Une cérémonie marquante contre l’excision
Il y a des fillettes, assises, nerveuses, dans leur robe toute neuve sous le soleil de l’après-midi. Des musiciens, des gens qui dansent et de grands plateaux de mets. Des couteaux d’un autre temps, fabriqués à la main, et des lames de rasoir flambant neuves. Pour les 30 exciseuses traditionnelles, la cérémonie rappelle les grandes excisions rituelles qu’elles et leurs ancêtres organisaient depuis des siècles dans les forêts de ce petit pays d’Afrique de l’Ouest qu’est la Gambie.
Pourtant, cette fête de 2013 dans la petite bourgade de Wassu est l’exact opposé : les exciseuses sont venues ici proclamer solennellement leur renoncement à cette pratique. L’une après l’autre, elles s’avancent et jurent de ne plus jamais pratiquer d’excision, laissant tomber au sol les couteaux et les lames. Cette cérémonie semble marquer la fin d’une tradition ancestrale, mais aussi la fin d’une tradition effroyable.
Le parcours de Yassin Fatty
Yassin Fatty, présente ce jour-là, sera, dix ans plus tard, en 2023, la première exciseuse gambienne à être condamnée pour mutilation génitale féminine. En 2015, la Gambie a voté une loi interdisant l’excision, mais son application a longtemps fait défaut, et beaucoup de Gambiens continuent de soutenir cette pratique. L’arrestation et la condamnation de Yassin Fatty suscitent une vague de protestations à travers le pays.
Des influences controversées
La trajectoire de Yassin Fatty est marquée par l’influence de deux hommes : un militant anti-mutilations aux motivations troubles et un imam célèbre qui prône la légalisation de l’excision. Ce contexte complexe rend la lutte contre cette pratique encore plus délicate.
Rencontre avec Yassin Fatty
En juillet 2024, nous nous rendons dans la campagne gambienne pour rencontrer Yassin Fatty. À midi, nous la trouvons endormie, allongée à l’ombre sur une natte, dans la ferme familiale du village de Bakadaji. À 96 ans, elle mérite bien une petite sieste.

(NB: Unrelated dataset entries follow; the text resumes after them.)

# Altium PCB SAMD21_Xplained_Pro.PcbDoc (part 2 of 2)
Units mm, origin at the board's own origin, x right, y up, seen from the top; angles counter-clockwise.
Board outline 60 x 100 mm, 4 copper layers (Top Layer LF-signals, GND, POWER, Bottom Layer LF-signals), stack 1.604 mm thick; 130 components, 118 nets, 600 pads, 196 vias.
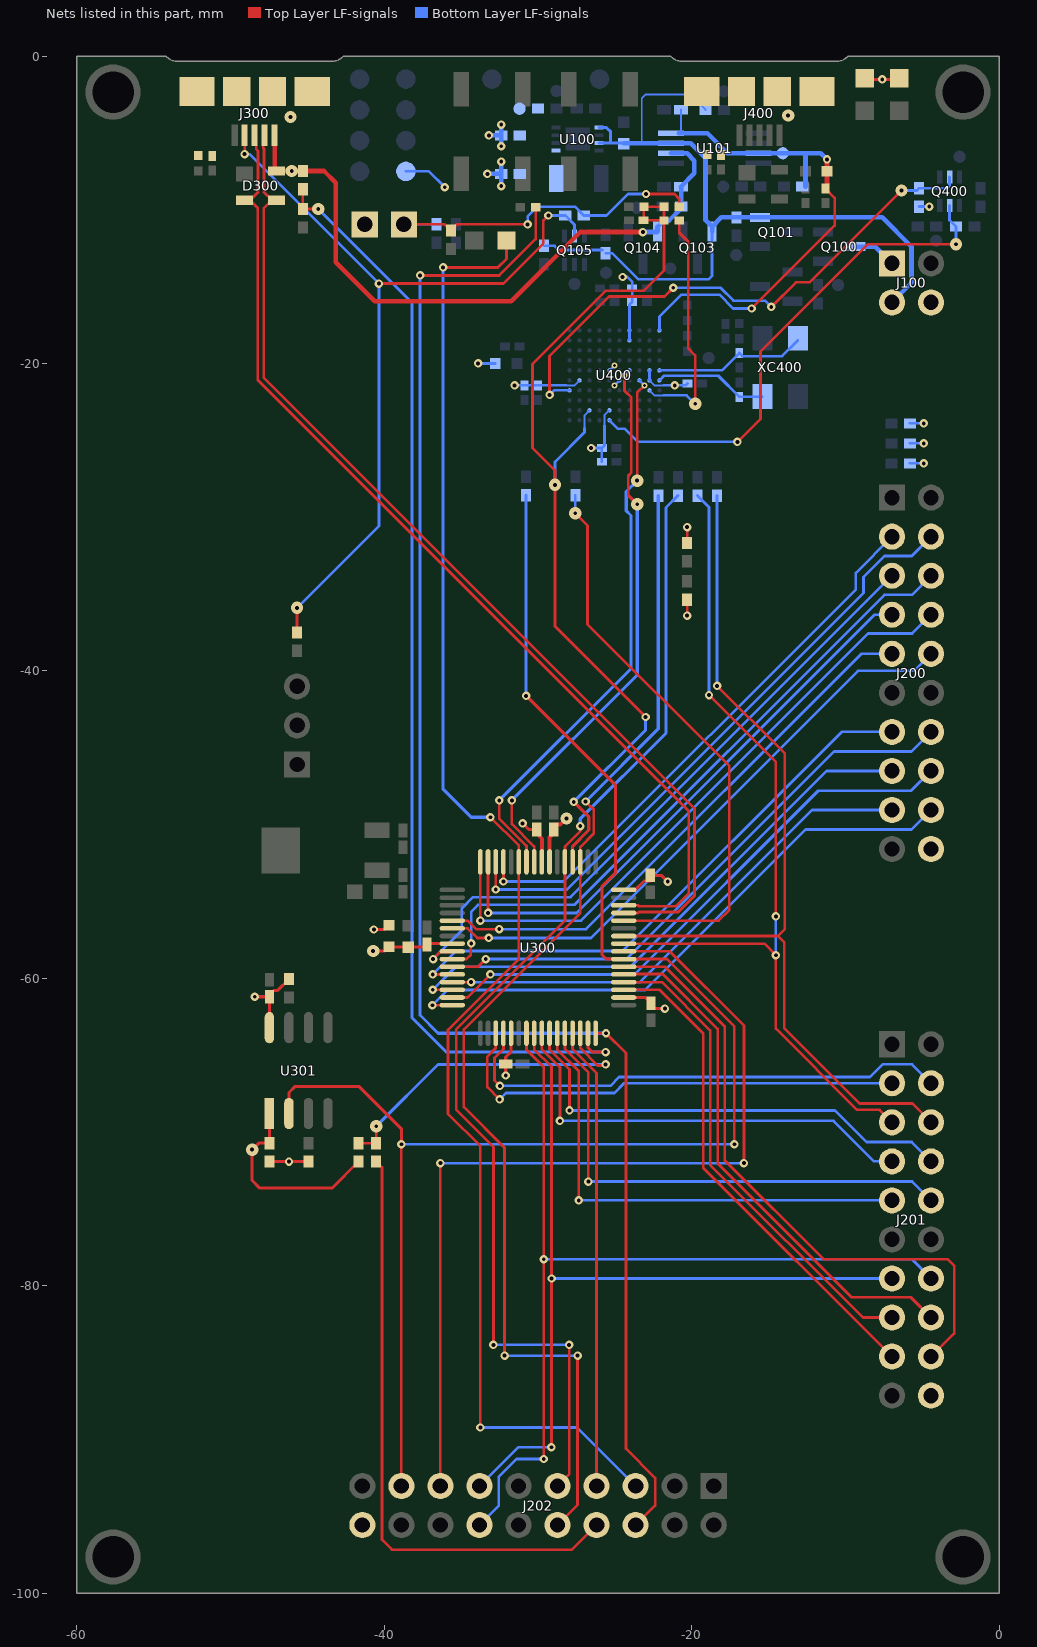
[diagram p4: the nets of this part, all layers, seen from the top]

## Via types
v1: diameter 0.55, hole 0.25, Top Layer LF-signals to Bottom Layer LF-signals, 70 vias
v2: diameter 0.55, hole 0.25, Top Layer LF-signals to Bottom Layer LF-signals, tented both sides, 42 vias
v3: diameter 0.55/0.8 (per signal layer), hole 0.25, Top Layer LF-signals to Bottom Layer LF-signals, tented top, 32 vias
v4: diameter 0.55, hole 0.25, Top Layer LF-signals to Bottom Layer LF-signals, tented top, 32 vias
v5: diameter 0.4, hole 0.2, Top Layer LF-signals to Bottom Layer LF-signals, tented both sides, 12 vias
v6: diameter 0.4, hole 0.2, Top Layer LF-signals to Bottom Layer LF-signals, tented top, 8 vias

## Nets (pads, with @x,y where several pads share a name; then routed paths per layer and width w, separated by ;. In a path a pad name is that pad's centre, name@x,y a point inside that pad or via, vN(x,y) a via of type N, cw(c..) or ccw(c..) an arc to the next point about the centre after c; other vN are vias at no path point) (continued)
PA04_S0_SPI_MISO: J200.17@-6.97,-49.05 U300.13 | length 33.2
  Top Layer LF-signals w0.175: U300.13@-35.575,-60.25 v1(-34.35,-60.25)
  Bottom Layer LF-signals w0.175: v1(-34.35,-60.25) -23.369,-60.25 -12.169,-49.05 J200.17@-6.97,-49.05
PA05_S0_SPI_SS: J200.15@-6.97,-46.51 U300.14 | length 37.1
  Top Layer LF-signals w0.175: v1(-36.85,-60.75) U300.14@-35.575,-60.75
  Bottom Layer LF-signals w0.175: v1(-36.85,-60.75) -35.35,-59.25 -23.969,-59.25 -11.229,-46.51 J200.15@-6.97,-46.51
PA06_S0_SPI_MOSI: J200.16@-4.43,-46.51 U300.15 | length 37.3
  Top Layer LF-signals w0.175: U300.15@-35.575,-61.25 -34.6,-61.25 v1(-33.1,-59.75)
  Bottom Layer LF-signals w0.175: v1(-33.1,-59.75) -23.719,-59.75 -11.769,-47.8 -5.72,-47.8 J200.16@-4.43,-46.51
PA07_S0_SPI_SCK: J200.18@-4.43,-49.05 U300.16 | length 39
  Top Layer LF-signals w0.175: v1(-36.875,-61.75) U300.16@-35.575,-61.75
  Bottom Layer LF-signals w0.175: v1(-36.875,-61.75) -35.888,-60.763 -23.032,-60.763 -12.589,-50.32 -5.7,-50.32 J200.18@-4.43,-49.05
PA10_ADC18: J201.3@-6.97,-66.83 U300.19 | length 30.8
  Top Layer LF-signals w0.175: U300.19@-32.75,-63.575 -32.75,-64.55 -33.3,-65.1 -33.3,-67.075 v1(-32.5,-67.875)
  Bottom Layer LF-signals w0.175: v1(-32.5,-67.875) -32.087,-67.462 -25.038,-67.462 -24.405,-66.83 J201.3@-6.97,-66.83
PA11_ADC19: J201.4@-4.43,-66.83 U300.20 | length 32.9
  Top Layer LF-signals w0.175: v1(-32.475,-67) -32.825,-66.65 -32.825,-65.175 -32.25,-64.6 U300.20@-32.25,-63.575
  Bottom Layer LF-signals w0.175: v1(-32.475,-67) -25.293,-67 -24.718,-66.425 -8.4,-66.425 -7.575,-65.6 -5.66,-65.6 J201.4@-4.43,-66.83
PA12_PWM_TC2_0: J202.7@-26.19,-93.03 U300.29 | length 30.1
  Top Layer LF-signals w0.175: U300.29@-27.75,-63.575 -27.75,-64.6 -26.19,-66.16 J202.7@-26.19,-93.03
PA13_DF_SPI_SS: R310.2 R314.1 U301.1 | length 13.1
  Top Layer LF-signals w0.2: U301.1@-47.475,-68.8 R310.2@-47.475,-70.725 -48.175,-70.725 v3(-48.6,-71.15) -48.6,-73.15 -48.1,-73.65 -43.4,-73.65 R314.1@-41.675,-71.925
PA13_GPIO: R313.2 R314.2 U300.30 | length 22
  Top Layer LF-signals w0.175: R314.2@-41.675,-70.725 R313.2@-40.525,-70.725 v3(-40.525,-69.625) ; U300.30@-27.25,-63.575 -27.25,-64.55 -26.125,-65.675 -25.673,-65.675 v1(-25.601,-65.603)
  Bottom Layer LF-signals w0.175: v3(-40.525,-69.625) -36.503,-65.603 v1(-25.601,-65.603)
PA13_PWM_TC2_1: J202.8@-26.19,-95.57 R313.1 | length 39.6
  Top Layer LF-signals w0.175: R313.1@-40.525,-71.925 -40.15,-72.3 -40.15,-96.525 -39.5,-97.175 -27.795,-97.175 J202.8@-26.19,-95.57
PA14_USB_VBUS: R307.1 R308.2 U300.31 | length 73.2
  Top Layer LF-signals w0.175: R307.1@-45.3,-8.675 R308.2@-45.3,-9.95 v3(-44.3,-9.95)
  Top Layer LF-signals w0.2: U300.31@-26.75,-63.575 -26.75,-64.525 -26.475,-64.8 v4(-25.6,-64.8)
  Bottom Layer LF-signals w0.2: v3(-44.3,-9.95) -38.2,-16.05 -38.2,-62.575 -35.975,-64.8 v4(-25.6,-64.8)
PA15_GPIO_BTN: J202.6@-23.65,-95.57 R302.2 U300.32 | length 105.8
  Top Layer LF-signals w0.175: v1(-37.675,-14.275) -32.525,-14.275 -30.15,-11.9 R302.2@-30.15,-9.85 ; U300.32@-26.25,-63.575 v2(-25.575,-63.575) -24.275,-64.875 -24.275,-90.6 -22.375,-92.5 -22.375,-94.295 J202.6@-23.65,-95.57
  Bottom Layer LF-signals w0.175: v1(-37.675,-14.275) -37.675,-62.4 -36.5,-63.575
  Bottom Layer LF-signals w0.2: -36.5,-63.575 v2(-25.575,-63.575)
PA16_S1_SPI_MISO: J201.17@-6.97,-84.61 U300.35 | length 32.5
  Top Layer LF-signals w0.175: U300.35@-24.425,-60.75 -22.079,-60.75 -19.253,-63.576 -19.253,-72.327 J201.17@-6.97,-84.61
PA17_S1_SPI_SS: J201.15@-6.97,-82.07 U300.36 | length 31.6
  Top Layer LF-signals w0.175: U300.36@-24.425,-60.25 -21.944,-60.25 -18.796,-63.398 -18.796,-72.136 -8.862,-82.07 J201.15@-6.97,-82.07
PA18_S1_SPI_MOSI: J201.16@-4.43,-82.07 U300.37 | length 34.4
  Top Layer LF-signals w0.175: U300.37@-24.425,-59.75 -24.4,-59.725 -21.885,-59.725 -18.313,-63.297 -18.313,-72.034 -9.598,-80.75 -5.75,-80.75 J201.16@-4.43,-82.07
PA19_S1_SPI_SCK: J201.18@-4.43,-84.61 U300.38 | length 41.2
  Top Layer LF-signals w0.175: U300.38@-24.425,-59.25 -21.725,-59.25 -17.85,-63.125 -17.85,-71.863 -11.438,-78.275 -3.35,-78.275 -2.925,-78.7 -2.925,-83.105 J201.18@-4.43,-84.61
PA20_GPIO: J201.5@-6.97,-69.37 R418.1 U300.41 | length 57.1
  Top Layer LF-signals w0.175: U300.41@-24.425,-57.75 -18.504,-57.75 ; v2(-18.875,-41.575) -14.525,-45.925 v1(-14.525,-55.975) ; -18.501,-57.75 -15.275,-57.75 v1(-14.525,-58.5) -14.525,-63.275 -9.239,-68.561 -7.779,-68.561 J201.5@-6.97,-69.37
  Bottom Layer LF-signals w0.175: v1(-14.525,-58.5) v1(-14.525,-55.975)
  Bottom Layer LF-signals w0.2: R418.1@-19.625,-28.6 -18.875,-29.35 v2(-18.875,-41.575)
PA21_GPIO: J201.6@-4.43,-69.37 R419.1 U300.42 | length 58.9
  Top Layer LF-signals w0.175: U300.42@-24.425,-57.25 -14.4,-57.25 ; v2(-18.35,-40.975) -13.945,-45.38 -13.945,-56.795 -14.4,-57.25 ; J201.6@-4.43,-69.37 -5.65,-68.15 -9.075,-68.15 -13.97,-63.255 -13.97,-57.68 -14.4,-57.25
  Bottom Layer LF-signals w0.2: v2(-18.35,-40.975) R419.1@-18.35,-28.6
PA23_S3_UART_RX: R414.1 U300.44 | length 38.3
  Top Layer LF-signals w0.175: v3(-27.575,-29.75) -26.775,-30.55 -26.775,-36.975 -17.55,-46.2 -17.55,-55.55 -18.25,-56.25 U300.44@-24.425,-56.25
  Bottom Layer LF-signals w0.175: v3(-27.575,-29.75) R414.1@-27.575,-28.575
PA27_GPIO_SS: J202.10@-28.73,-95.57 R416.1 U300.51 | length 79
  Top Layer LF-signals w0.175: v2(-32.175,-84.55) -32.175,-71.025 -34.825,-68.375 -34.825,-63.325 -27.25,-55.75 U300.51@-27.25,-52.425 -27.25,-51.45 -26.375,-50.575 -26.375,-49.025 v1(-26.9,-48.5) ; J202.10@-28.73,-95.57 -27.425,-94.265 v2(-27.425,-84.55)
  Bottom Layer LF-signals w0.175: v2(-32.175,-84.55) v2(-27.425,-84.55)
  Bottom Layer LF-signals w0.2: v1(-26.9,-48.5) -22.175,-43.775 R416.1@-22.175,-28.6
PA28_GPIO_IRQ8: J202.9@-28.73,-93.03 R417.1 U300.53 | length 76.6
  Top Layer LF-signals w0.175: v2(-32.9,-83.85) -32.9,-70.975 -35.325,-68.55 -35.325,-63.325 -28.25,-56.25 U300.53@-28.25,-52.425 -28.25,-51.427 -27.25,-50.427 v1(-27.25,-50.1) ; J202.9@-28.73,-93.03 -27.975,-92.275 v2(-27.975,-83.85)
  Bottom Layer LF-signals w0.175: v2(-32.9,-83.85) v2(-27.975,-83.85)
  Bottom Layer LF-signals w0.2: v1(-27.25,-50.1) -27.25,-49.625 -21.675,-44.05 -21.675,-29.375 R417.1@-20.9,-28.6
PA30_SWDCLK: U300.57 U400.D6 | length 36.6
  Top Layer LF-signals w0.175: v1(-31.7,-48.425) -31.7,-49.975 -30.25,-51.425 U300.57@-30.25,-52.425 ; v5(-24.375,-20.775) -24.375,-21.775 -23.925,-22.225 -23.925,-27.1 -24.13,-27.305 -24.13,-28.575 v3(-23.546,-29.159)
  Bottom Layer LF-signals w0.175: v5(-24.375,-20.775) U400.D6@-24.05,-20.45
  Bottom Layer LF-signals w0.2: v1(-31.7,-48.425) -23.546,-40.271 v3(-23.546,-29.159)
PA31_SWDIO: U300.58 U400.C5 | length 36.4
  Top Layer LF-signals w0.175: v1(-32.525,-48.425) -32.525,-49.61 -30.75,-51.385 U300.58@-30.75,-52.425 ; v3(-23.55,-27.625) -23.55,-21.9 v5(-23.075,-21.425)
  Bottom Layer LF-signals w0.175: U400.C5@-23.4,-21.1 v5(-23.075,-21.425)
  Bottom Layer LF-signals w0.2: v1(-32.525,-48.425) -23.952,-39.852 -23.952,-29.896 -24.257,-29.591 -24.257,-28.332 v3(-23.55,-27.625)
PB00_ADC8: J200.3@-6.97,-31.27 U300.61 | length 36.5
  Top Layer LF-signals w0.175: v1(-32.25,-53.703) U300.61@-32.25,-52.425
  Bottom Layer LF-signals w0.175: v1(-32.25,-53.703) -28.328,-53.703 -9.325,-34.7 -9.325,-33.625 J200.3@-6.97,-31.27
PB01_ADC9: J200.4@-4.43,-31.27 U300.62 | length 40.2
  Top Layer LF-signals w0.175: v1(-32.75,-54.225) U300.62@-32.75,-52.425
  Bottom Layer LF-signals w0.175: v1(-32.75,-54.225) -28.125,-54.225 -8.825,-34.925 -8.825,-33.9 -7.45,-32.525 -5.685,-32.525 J200.4@-4.43,-31.27
PB02_PWM_TC6_0: J200.7@-6.97,-36.35 U300.63 | length 37.6
  Top Layer LF-signals w0.175: v1(-33.25,-55.75) U300.63@-33.25,-52.425
  Bottom Layer LF-signals w0.175: v1(-33.25,-55.75) -27.505,-55.75 -8.105,-36.35 J200.7@-6.97,-36.35
PB03_PWM_TC6_1: J200.8@-4.43,-36.35 U300.64 | length 41.4
  Top Layer LF-signals w0.175: v1(-33.75,-56.25) U300.64@-33.75,-52.425
  Bottom Layer LF-signals w0.175: v1(-33.75,-56.25) -27.192,-56.25 -8.517,-37.575 -5.655,-37.575 J200.8@-4.43,-36.35
PB04_GPIO_IRQ4: J200.9@-6.97,-38.89 U300.5 | length 36.3
  Top Layer LF-signals w0.175: U300.5@-35.575,-56.25 -34.575,-56.25 -34.025,-56.8 v1(-32.525,-56.8)
  Bottom Layer LF-signals w0.175: v1(-32.525,-56.8) -26.879,-56.8 -8.969,-38.89 J200.9@-6.97,-38.89
PB05_GPIO_SS: J200.10@-4.43,-38.89 U300.6 | length 39.1
  Top Layer LF-signals w0.175: U300.6@-35.575,-56.75 -34.575,-56.75 -33.95,-57.375 v1(-33.2,-57.375)
  Bottom Layer LF-signals w0.175: v1(-33.2,-57.375) -26.565,-57.375 -9.19,-40 -5.54,-40 J200.10@-4.43,-38.89
PB06_GPIO: J200.5@-6.97,-33.81 U300.9 | length 42.5
  Top Layer LF-signals w0.175: v1(-36.825,-58.75) -36.375,-58.3 -35.625,-58.3 U300.9@-35.575,-58.25
  Bottom Layer LF-signals w0.175: v1(-36.825,-58.75) -34.963,-56.887 -34.963,-55.463 -34.223,-54.723 -27.882,-54.723 J200.5@-6.97,-33.81
PB07_GPIO: J200.6@-4.43,-33.81 U300.10 | length 43.1
  Top Layer LF-signals w0.175: U300.10@-35.575,-58.75 -34.65,-58.75 -34.375,-58.475 -34.375,-57.762 v1(-34.34,-57.727)
  Bottom Layer LF-signals w0.175: v1(-34.34,-57.727) -34.34,-55.665 -33.9,-55.225 -27.641,-55.225 -7.466,-35.05 -5.67,-35.05 J200.6@-4.43,-33.81
PB08_S4_UART_TX: J200.14@-4.43,-43.97 U300.11 | length 37.5
  Top Layer LF-signals w0.175: U300.11@-35.575,-59.25 -33.9,-59.25 v1(-33.4,-58.75)
  Bottom Layer LF-signals w0.175: v1(-33.4,-58.75) -24.244,-58.75 -10.744,-45.25 -5.71,-45.25 J200.14@-4.43,-43.97
PB09_S4_UART_RX: J200.13@-6.97,-43.97 U300.12 | length 37.7
  Top Layer LF-signals w0.175: v1(-36.85,-59.75) U300.12@-35.575,-59.75
  Bottom Layer LF-signals w0.175: v1(-36.85,-59.75) -35.325,-58.225 -24.494,-58.225 -10.239,-43.97 J200.13@-6.97,-43.97
PB10_S4_UART_TX: J201.14@-4.43,-79.53 J202.14@-33.81,-95.57 U300.23 | length 60.9
  Top Layer LF-signals w0.175: U300.23@-30.75,-63.575 -30.75,-64.65 -29.625,-65.775 v1(-29.625,-78.275) v1(-29.625,-91.275)
  Bottom Layer LF-signals w0.175: J202.14@-33.81,-95.57 -32.55,-94.31 -32.55,-92.425 -31.4,-91.275 v1(-29.625,-91.275) ; v1(-29.625,-78.275) -5.685,-78.275 J201.14@-4.43,-79.53
PB11_S4_UART_RX: J201.13@-6.97,-79.53 J202.13@-33.81,-93.03 U300.24 | length 55.3
  Top Layer LF-signals w0.175: U300.24@-30.25,-63.575 -30.25,-64.625 -29.125,-65.75 v2(-29.125,-90.513)
  Bottom Layer LF-signals w0.175: J202.13@-33.81,-93.03 -31.293,-90.513 v2(-29.125,-90.513) ; v1(-29.12,-79.53) J201.13@-6.97,-79.53
PB12_PWM_TC4_0: J201.7@-6.97,-71.91 U300.25 | length 28.9
  Top Layer LF-signals w0.175: U300.25@-29.75,-63.575 -29.75,-64.625 -28.575,-65.8 v1(-28.575,-69.275)
  Bottom Layer LF-signals w0.175: v1(-28.575,-69.275) -10.775,-69.275 -8.14,-71.91 J201.7@-6.97,-71.91
PB13_PWM_TC4_1: J201.8@-4.43,-71.91 U300.26 | length 30.5
  Top Layer LF-signals w0.175: U300.26@-29.25,-63.575 -29.25,-64.625 -27.95,-65.925 v1(-27.95,-68.6)
  Bottom Layer LF-signals w0.175: v1(-27.95,-68.6) -10.675,-68.6 -8.625,-70.65 -5.69,-70.65 J201.8@-4.43,-71.91
PB14_GPIO_IRQ14: J201.9@-6.97,-74.45 U300.27 | length 31.8
  Top Layer LF-signals w0.175: U300.27@-28.75,-63.575 -28.75,-64.625 -27.35,-66.025 v2(-27.35,-74.45)
  Bottom Layer LF-signals w0.175: v2(-27.35,-74.45) J201.9@-6.97,-74.45
PB15_GPIO_SS: J201.10@-4.43,-74.45 U300.28 | length 33.1
  Top Layer LF-signals w0.175: U300.28@-28.25,-63.575 -28.25,-64.6 -26.725,-66.125 v2(-26.725,-73.225)
  Bottom Layer LF-signals w0.175: v2(-26.725,-73.225) -5.655,-73.225 J201.10@-4.43,-74.45
PB16_S5_SPI_MISO: J202.17@-38.89,-93.03 R420.2 U300.39 U301.2 | length 105.8
  Top Layer LF-signals w0.175: J202.17@-38.9,-93.02 J202.17@-38.89,-93.03 v2(-38.89,-70.8) ; U300.39@-24.425,-58.75 -21.616,-58.75 -17.225,-63.141 v2(-17.225,-70.8)
  Top Layer LF-signals w0.2: U301.2@-46.205,-68.8 -46.205,-67.43 -45.825,-67.05 -41.625,-67.05 -38.89,-69.785 v2(-38.89,-70.8) ; v1(-30.775,-41.625) -24.95,-47.45 -24.95,-53.125 -25.85,-54.025 -25.85,-58.45 -25.55,-58.75 U300.39@-24.425,-58.75
  Bottom Layer LF-signals w0.175: v2(-38.89,-70.8) v2(-17.225,-70.8)
  Bottom Layer LF-signals w0.2: v1(-30.775,-41.625) R420.2@-30.775,-28.575
PB17_S5_SPI_SS: J202.15@-36.35,-93.03 U300.40 | length 59.5
  Top Layer LF-signals w0.175: J202.15@-36.35,-93.03 v2(-36.35,-72.025) ; U300.40@-24.425,-58.25 -21.43,-58.25 -16.6,-63.08 v2(-16.6,-72.025)
  Bottom Layer LF-signals w0.175: v2(-36.35,-72.025) v2(-16.6,-72.025)
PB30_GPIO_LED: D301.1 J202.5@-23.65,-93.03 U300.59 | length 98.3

Lors de notre discussion, entourée de son fils et de plusieurs petits-fils, elle déclare : *“Maintenant, ma seule tâche, c’est de manger”*, avant de demander à sa fille adoptive quand sera son prochain repas.
Tradition et croyances
À Bakadaji, un village soudé de la région de la Rivière centrale, les filles sont excisées depuis des générations. Yassin Fatty a fait partie des milliers d’exciseuses pratiquant cette activité. L’excision, qui consiste à retirer le clitoris et une partie des petites lèvres, est perçue par une partie de la population comme une nécessité pour préserver la pureté des filles, souvent considérées comme impures si elles ne sont pas excisées.
Perspectives familiales
Assis sur le sol de terre battue, un de ses petits-fils, Abdoulaye Cham, déclare que les filles sont également excisées pour les empêcher de tromper leur mari : *“Beaucoup de jeunes hommes doivent voyager et laisser leur épouse à la maison”*, ajoute-t-il. Cette perspective souligne les pressions culturelles et les justifications qui entourent l’excision dans cette région.